[Work required] From the data that follows, report the number of lines including "Subsystem", and only that number.

[Supplied data]

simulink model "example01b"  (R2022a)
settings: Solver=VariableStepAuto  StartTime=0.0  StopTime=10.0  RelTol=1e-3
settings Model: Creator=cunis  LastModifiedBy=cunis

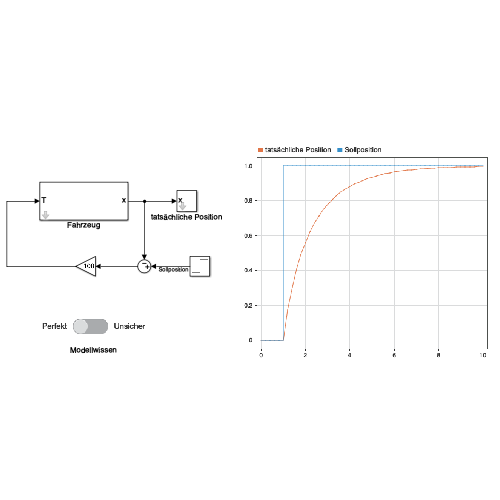
[thumbnail: Simulink's stored preview of the top-level diagram]
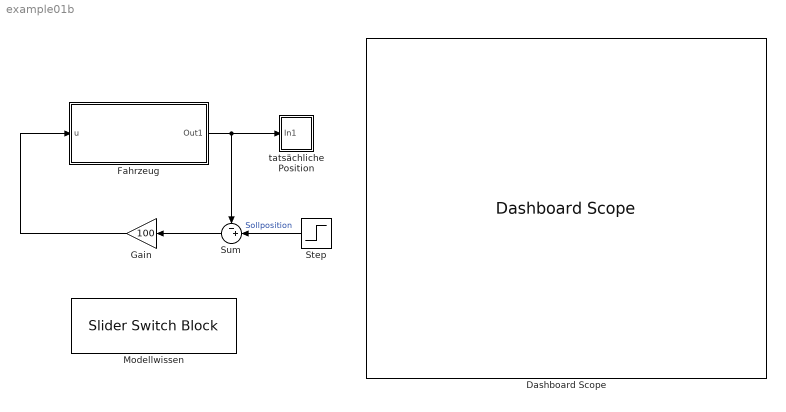
== system example01b ==
  Dashboard Scope : DashboardScope
  Fahrzeug : Subsystem
      mask Display:
      | port_label('input', 1, 'T');
      | port_label('output', 1, 'x');
  Gain : Gain  Gain=100
  Modellwissen : SliderSwitchBlock  LabelPosition=Hide
      settings: Values={{'Perfekt', 'Unsicher'}, [0 1]}
  Step : Step  SampleTime=0
  Sum : Sum  Inputs=-+|
  tatsächliche Position : Subsystem
      mask Display: port_label('input', 1, 'x');
  wires:
  Fahrzeug/1(Out1) -> tatsächliche Position/1(In1), Sum/1
  Step/1 -> Sum/2  "Sollposition"
  Sum/1 -> Gain/1
  Gain/1 -> Fahrzeug/1(u)

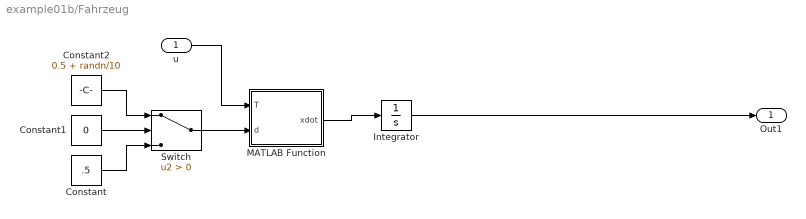
== system example01b/Fahrzeug ==
  u : Inport
  Constant : Constant  Value=.5
  Constant1 : Constant  Value=0
  Constant2 : Constant  Value=0.5 + randn/10
  Integrator : Integrator
  MATLAB Function : MATLAB Function  TreatAsAtomicUnit=on
  Switch : Switch  Criteria=u2 > Threshold  SaturateOnIntegerOverflow=off  InputSameDT=off
  Out1 : Outport
  wires:
  u/1 -> MATLAB Function/1(T)
  MATLAB Function/1(xdot) -> Integrator/1
  Integrator/1 -> Out1/1
  Switch/1 -> MATLAB Function/2(d)
  Constant2/1 -> Switch/1
  Constant/1 -> Switch/3
  Constant1/1 -> Switch/2

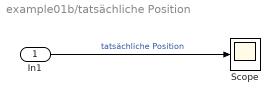
== system example01b/tatsächliche Position ==
  In1 : Inport
  Scope : Scope
  wires:
  In1/1 -> Scope/1  "tatsächliche Position"

== matlab function example01b/Fahrzeug/MATLAB Function ==
  data: T input; xdot output; d input
function xdot = fcn(T, d)

xdot = sign(T)*(exp(abs(T)/100-d) - exp(-d))/(exp(d) - exp(-d));

end

[/Supplied data]

[Your response] 2